### Exercise requirements
Lines of the data that contain the word "through" are the ones to copy.

+===+

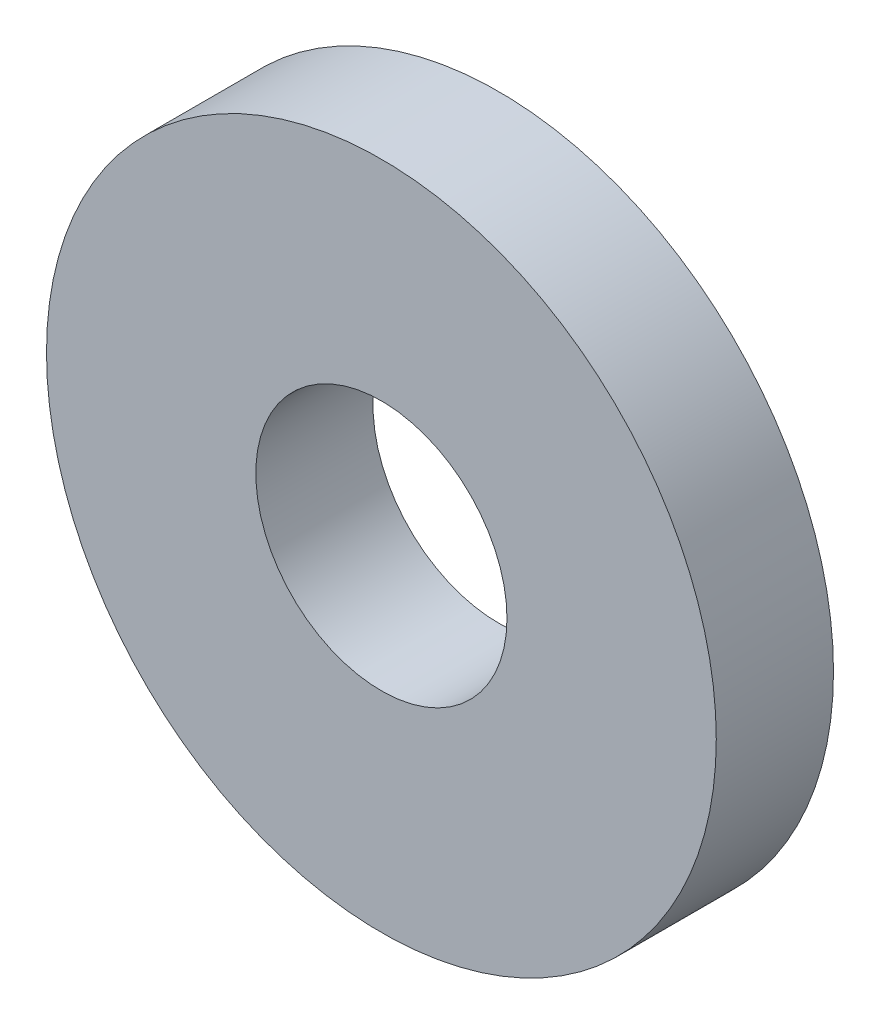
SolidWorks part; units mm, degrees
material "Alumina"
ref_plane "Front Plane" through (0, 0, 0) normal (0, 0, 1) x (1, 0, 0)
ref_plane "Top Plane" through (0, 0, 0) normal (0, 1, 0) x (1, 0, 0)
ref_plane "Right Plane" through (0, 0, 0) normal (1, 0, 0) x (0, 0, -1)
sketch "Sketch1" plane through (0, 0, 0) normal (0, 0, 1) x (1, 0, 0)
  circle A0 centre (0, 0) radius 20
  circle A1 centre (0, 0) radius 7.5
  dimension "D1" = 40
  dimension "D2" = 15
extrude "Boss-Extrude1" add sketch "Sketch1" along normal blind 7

+===+

### Solution to this task
ref_plane "Front Plane" through (0, 0, 0) normal (0, 0, 1) x (1, 0, 0)
ref_plane "Top Plane" through (0, 0, 0) normal (0, 1, 0) x (1, 0, 0)
ref_plane "Right Plane" through (0, 0, 0) normal (1, 0, 0) x (0, 0, -1)
sketch "Sketch1" plane through (0, 0, 0) normal (0, 0, 1) x (1, 0, 0)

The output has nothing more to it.